In the same study by Castle and Barnett (2000), they noted that for cases involving offences against good order as the major charge, the percentage of indigenous defendants convicted without penalty was more than 9% higher than that of non-indigenous ones. For cases with fine as the penalty, the indigenous defendants were found to constitute about 40% while the non-indigenous ones constituted about 34%. While for cases with imprisonment as the penalty it was found to constitute about 11% of the indigenous cases and about 5% of non-indigenous cases. Similarly, the researchers discovered that indigenous defendants were about four times more likely to be imprisoned than the non-indigenous ones. Furthermore, the chance of an indigenous defendant being in custody or on bail was found to be more than 12% higher than that of a non Indigenous one, at the time of their final court hearing. In the higher courts about 55% of the indigenous defendants were found to be in custody while the non indigenous ones constituted only about 28%. Consequently of all the indigenous cases processed in 1998, the researchers noted that about 87% of the cases involved defendants who had more than one prior conviction, while more than 50% had more than ten prior convictions.
To get enough and more accurate information, data will be collected using several types of information gathering methods; sampling, interviews, questionnaires and observation.
They will mainly be used to get information from the society and law firms. They will structured in such way to contain questions based on the number of convictions an individual has, their encounters with the law enforcement authorities, their views of the criminal justice system, among others.
This method will be used to get information from the law enforcement authorities, the court chambers, correctional facilities, law firms among others. From the law enforcement authorities the information collected will mainly include; average number of suspects arrested daily and their charges, the number of suspects who are in their custody, the cultures of the suspects, and the gender of the suspects, among others. While from the court chambers the information collected will include; average number of different types of cases solved per week, the number of cases pending to be solved, and the average rate of incoming cases. The average number of people imprisoned, fined or taken to other correctional facilities may also be collected. From the correctional facilities, the information to be collected include; the total number of male and female inmates together with their culture, the number of new inmates that come in per week and the number of inmates who are released in a week. In the law firm, the information to be collected include; the total number of clients requesting for their services in a week and their cultures, the rate of incoming new clients and how long it takes for different cases to be solved.
This method will be concentrated mainly on law enforcement personnel and lawyers. From the lawyers the information to be collected may include the number of clients they have represented in a year and their cultures and number of the different types of cases handled in a year and many others.
This method will used to collect information from the court chambers. The information to be collected may include; the average number of cases involving indigenous people taking place in a week, the time taken by a court session and the court procedures.
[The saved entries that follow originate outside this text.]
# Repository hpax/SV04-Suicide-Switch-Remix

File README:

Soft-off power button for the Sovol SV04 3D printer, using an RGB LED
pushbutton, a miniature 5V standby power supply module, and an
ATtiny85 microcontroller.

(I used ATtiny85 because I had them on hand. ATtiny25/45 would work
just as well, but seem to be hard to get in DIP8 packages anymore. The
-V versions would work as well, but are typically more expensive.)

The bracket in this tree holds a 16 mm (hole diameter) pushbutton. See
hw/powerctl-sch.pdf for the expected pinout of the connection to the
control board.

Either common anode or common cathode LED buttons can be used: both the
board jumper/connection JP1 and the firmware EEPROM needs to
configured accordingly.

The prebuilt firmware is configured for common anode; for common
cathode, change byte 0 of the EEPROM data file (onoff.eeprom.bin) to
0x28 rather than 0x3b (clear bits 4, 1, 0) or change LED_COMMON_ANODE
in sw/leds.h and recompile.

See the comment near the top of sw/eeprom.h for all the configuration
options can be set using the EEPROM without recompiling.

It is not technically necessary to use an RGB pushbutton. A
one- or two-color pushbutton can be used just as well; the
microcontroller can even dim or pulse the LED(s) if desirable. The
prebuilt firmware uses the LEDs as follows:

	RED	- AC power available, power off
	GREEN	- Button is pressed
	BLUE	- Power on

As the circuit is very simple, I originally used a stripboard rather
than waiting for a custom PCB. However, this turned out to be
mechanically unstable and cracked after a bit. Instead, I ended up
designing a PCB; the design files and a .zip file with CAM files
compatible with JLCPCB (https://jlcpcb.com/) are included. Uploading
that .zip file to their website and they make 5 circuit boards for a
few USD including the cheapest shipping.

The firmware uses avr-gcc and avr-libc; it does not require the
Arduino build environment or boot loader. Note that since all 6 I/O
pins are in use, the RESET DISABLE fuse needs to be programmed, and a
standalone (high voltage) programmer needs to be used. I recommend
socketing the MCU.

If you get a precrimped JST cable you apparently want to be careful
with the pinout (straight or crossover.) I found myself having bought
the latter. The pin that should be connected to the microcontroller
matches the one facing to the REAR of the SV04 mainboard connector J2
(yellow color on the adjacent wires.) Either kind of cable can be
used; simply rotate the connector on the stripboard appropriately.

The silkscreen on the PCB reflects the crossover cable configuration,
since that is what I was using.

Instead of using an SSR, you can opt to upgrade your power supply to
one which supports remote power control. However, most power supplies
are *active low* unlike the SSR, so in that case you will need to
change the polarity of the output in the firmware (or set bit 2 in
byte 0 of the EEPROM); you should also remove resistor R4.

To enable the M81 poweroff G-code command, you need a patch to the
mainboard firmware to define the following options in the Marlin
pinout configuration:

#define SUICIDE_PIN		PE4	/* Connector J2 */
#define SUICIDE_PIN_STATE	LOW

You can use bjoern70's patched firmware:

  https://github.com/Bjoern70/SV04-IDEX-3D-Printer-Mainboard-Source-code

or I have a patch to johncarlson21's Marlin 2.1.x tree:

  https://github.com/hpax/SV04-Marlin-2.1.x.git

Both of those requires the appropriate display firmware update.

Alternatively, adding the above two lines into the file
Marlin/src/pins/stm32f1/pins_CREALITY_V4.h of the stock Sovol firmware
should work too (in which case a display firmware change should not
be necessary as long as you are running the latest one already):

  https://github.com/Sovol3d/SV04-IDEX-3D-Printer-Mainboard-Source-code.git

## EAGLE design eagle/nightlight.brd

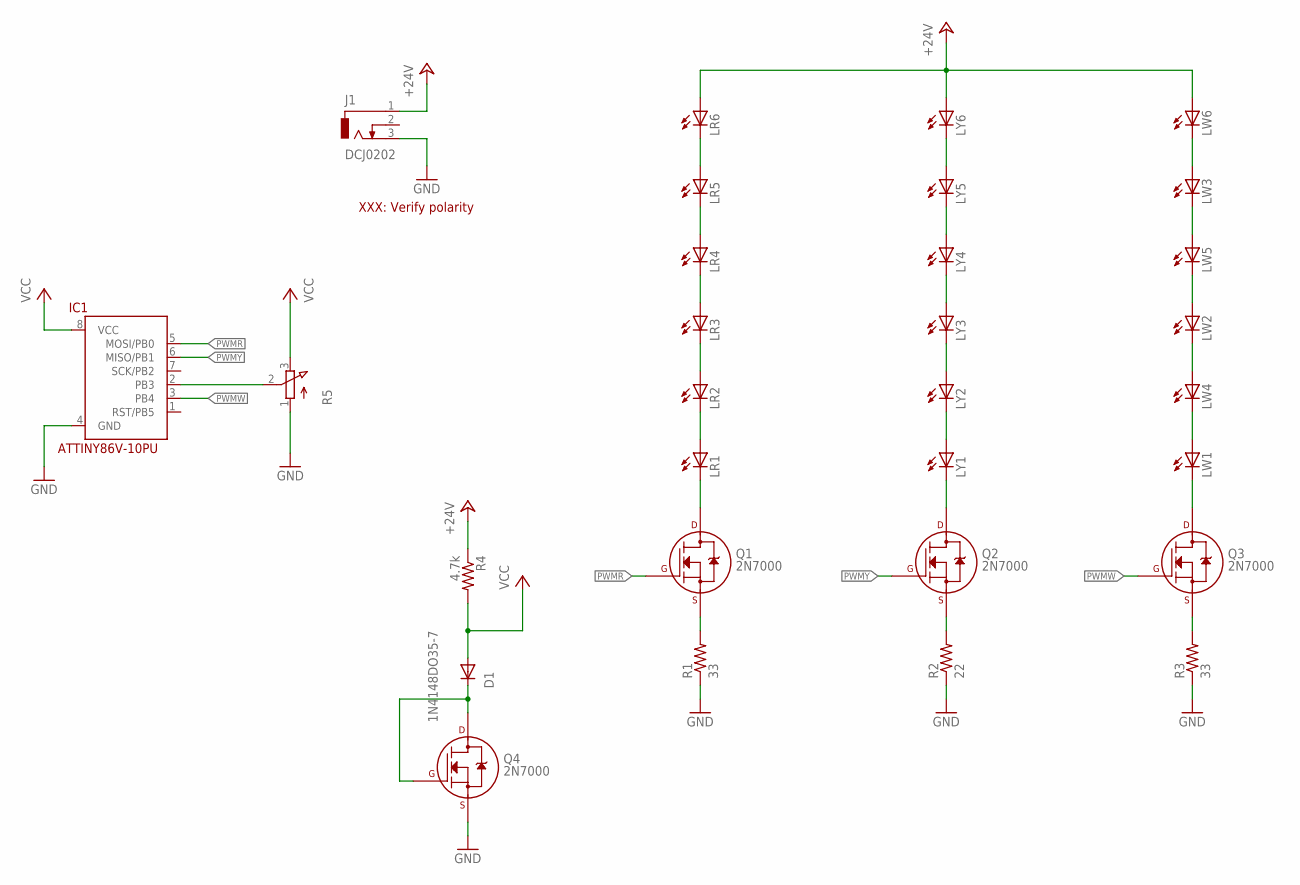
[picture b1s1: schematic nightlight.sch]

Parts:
D1: 1N4148DO35-7; DO35-7
IC1: ATTINY86V-10PU; DIL08
J1: DCJ0202
LR1, LR2, LR3, LR4, LR5, LR6: LED5MM
LW1, LW2, LW3: LED5MM
LW4, LW5, LW6: LED3MM
LY1, LY2, LY3, LY4, LY5, LY6: LED5MM
Q1, Q2, Q3, Q4: 2N7000; TO-92
R1, R3: 33; 0207/10
R2: 22; 0207/10
R4: 4.7k; 0207/10
R5: 3RP/1610N

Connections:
+24V: J1.1, LR6.A, LW6.A, LY6.A, R4.1
GND: IC1.4 (GND), J1.3, Q4.1 (S), R1.1, R2.1, R3.1, R5.1 (A)
unnamed: LR1.K (C), Q1.3 (D)
unnamed: LR1.A, LR2.K (C)
unnamed: LR2.A, LR3.K (C)
unnamed: LR3.A, LR4.K (C)
unnamed: LR4.A, LR5.K (C)
unnamed: LR5.A, LR6.K (C)
unnamed: LY5.A, LY6.K (C)
unnamed: LY4.A, LY5.K (C)
unnamed: LY3.A, LY4.K (C)
unnamed: LY2.A, LY3.K (C)
unnamed: LY1.A, LY2.K (C)
unnamed: LY1.K (C), Q2.3 (D)
unnamed: LW1.K (C), Q3.3 (D)
unnamed: LW1.A, LW4.K (C)
unnamed: LW2.K (C), LW4.A
unnamed: LW2.A, LW5.K (C)
unnamed: LW3.K (C), LW5.A
unnamed: Q1.1 (S), R1.2
unnamed: Q2.1 (S), R2.2
unnamed: Q3.1 (S), R3.2
unnamed: LW3.A, LW6.K (C)
unnamed: D1.C, Q4.2 (G), Q4.3 (D)
unnamed: IC1.2 (PB3), R5.2 (S)
PWMR: IC1.5 (MOSI/PB0), Q1.2 (G)
PWMW: IC1.3 (PB4), Q3.2 (G)
PWMY: IC1.6 (MISO/PB1), Q2.2 (G)
VCC: D1.A, IC1.8 (VCC), R4.2, R5.3 (E)

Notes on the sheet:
XXX: Verify polarity

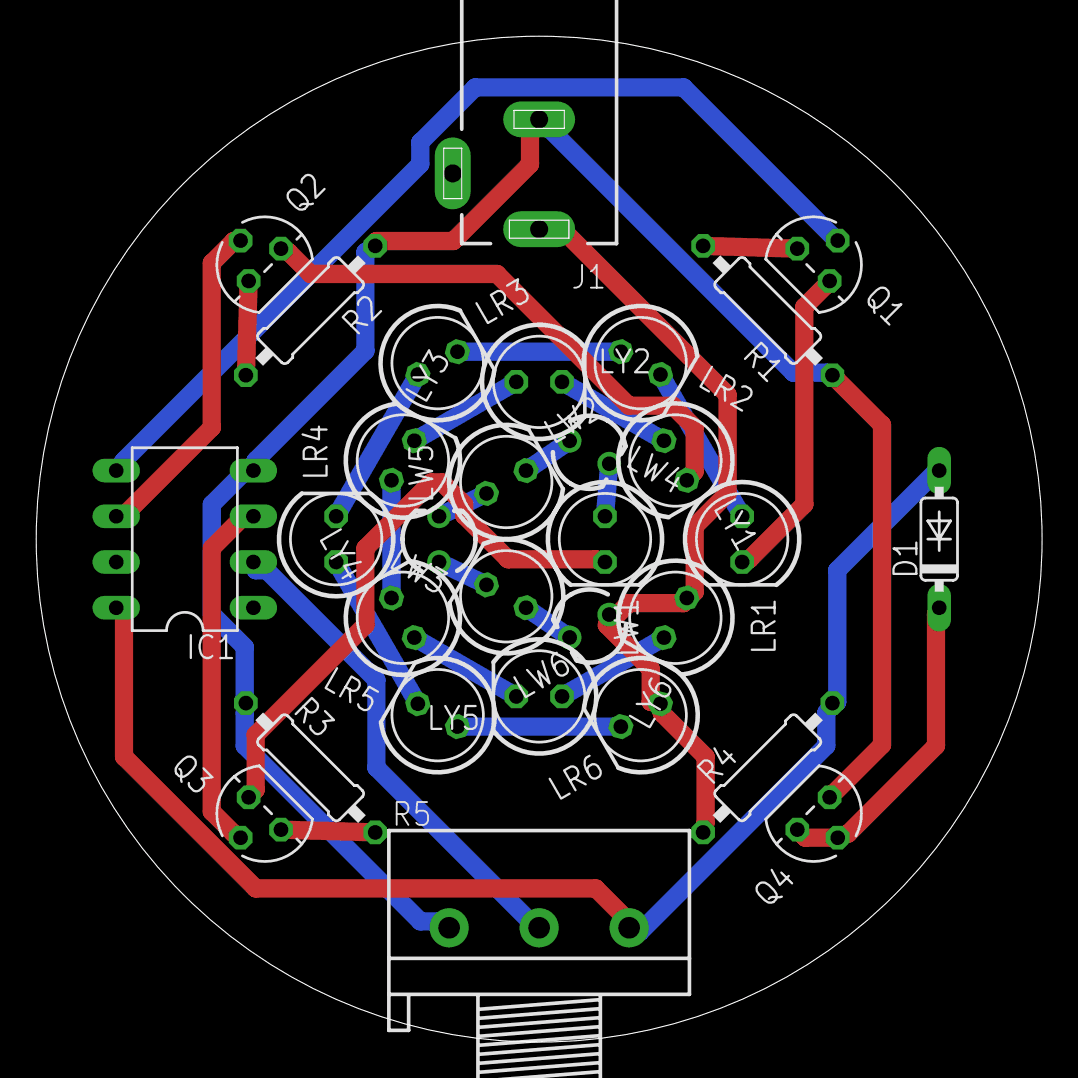
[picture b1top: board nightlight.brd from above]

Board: 2 copper layers, 55.9 x 55.9 mm, 30 parts (0 on the bottom side), 29 nets.

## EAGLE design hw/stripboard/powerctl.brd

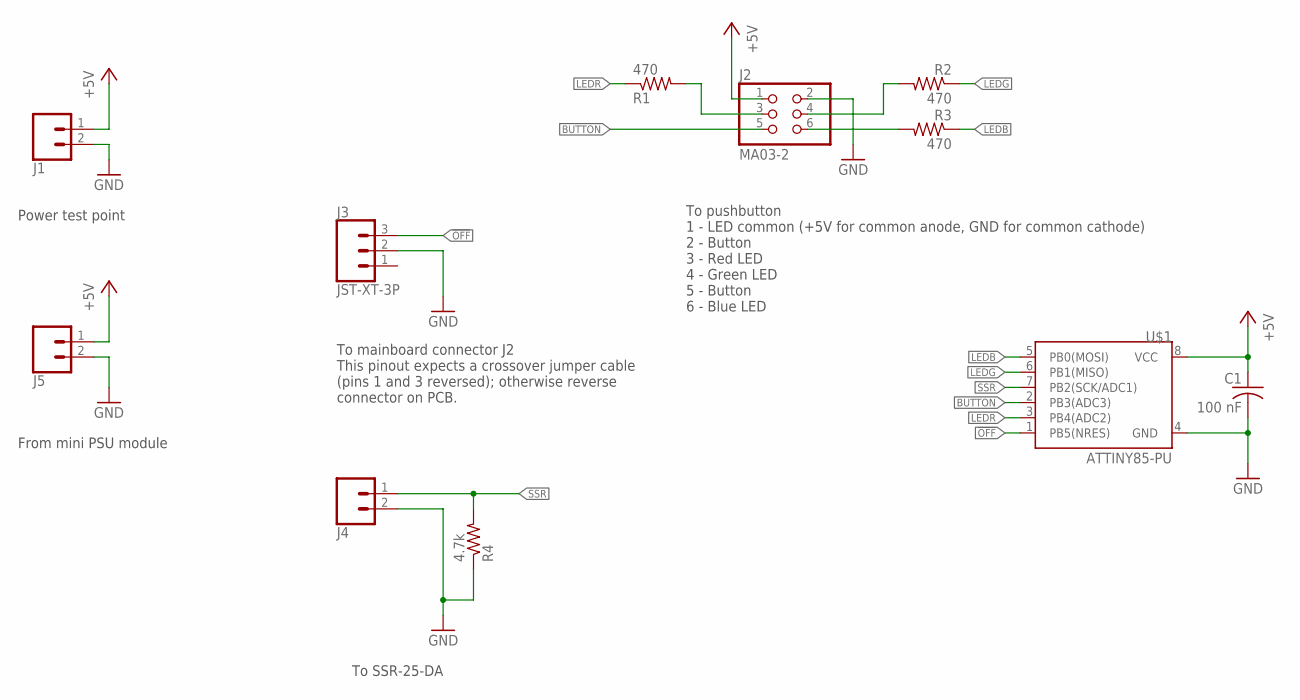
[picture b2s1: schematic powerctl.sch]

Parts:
C1: 100 nF; C025-025X050
J1, J4, J5: CONN_02; 1X02
J2: MA03-2; 2X03
J3: JST-XT-3P; 1X03
R1, R2, R3: 470; 0207/15
R4: 4.7k; 0207/15
U$1: ATTINY85-PU; DIP08

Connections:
!OFF: J3.3, U$1.1 (PB5(NRES))
+5V: C1.1, J1.1, J2.1, J5.1, U$1.8 (VCC)
BUTTON: J2.5, U$1.2 (PB3(ADC3))
GND: C1.2, J1.2, J2.2, J3.2, J4.2, J5.2, R4.1, U$1.4 (GND)
LEDB: R3.1, U$1.5 (PB0(MOSI))
LEDG: R2.1, U$1.6 (PB1(MISO))
LEDR: R1.1, U$1.3 (PB4(ADC2))
unnamed: J2.6, R3.2
unnamed: J2.3, R1.2
unnamed: J2.4, R2.2
SSR: J4.1, R4.2, U$1.7 (PB2(SCK/ADC1))

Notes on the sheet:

All data collected will be analyzed quantitatively and qualitatively to enable drawing of the relevant conclusions. All the trends and comments will be evaluated and recorded. In addition to that the results will be presented in graphs and charts to ensure there is clear understanding provided to the readers.
The sources of data and the use of the data
Police reported data
The crime reporting survey collect detailed information regarding the incidents which have come into police attention and will usually include characteristics of the offenders and the victims. They will also keep records regarding the number of law offenders arrested in a month and the number of criminal activities reported in that month. The information on characteristics of the offenders will be helpful in determining the gender and culture of most offenders. This information will therefore be helpful in determining the percentages of indigenous and non indigenous offenders in police custody. In addition, the data obtained will be helpful in the determination of the laws which are frequently broken or abused.
Criminal courts data
Every court keeps records about its daily activities, the number of cases pending, cases solved and incoming cases. The adult criminal courts and juvenile court surveys have national databases containing statistical information about all the cases processed by the adult and juvenile court systems. The criminal court surveys will therefore provide enough information about the number of cases handled and solved in a week. Taking part in court hearing will also provide information about the procedures and the laws commonly broken. The information from the court surveys will be used in determining the number of offenders punished through community service, fines and by imprisonment.
Adult corrections survey
This survey usually collects information on the number of cases and their characteristics in all the states and territories of Australia. Their reports will also contain information about the identity of the individuals and there numbers in the correctional facilities. This information will therefore be useful in determining the number and identity of individuals in the adult correctional facilities and this can be used to calculate the percentages of non indigenous and indigenous prisoners.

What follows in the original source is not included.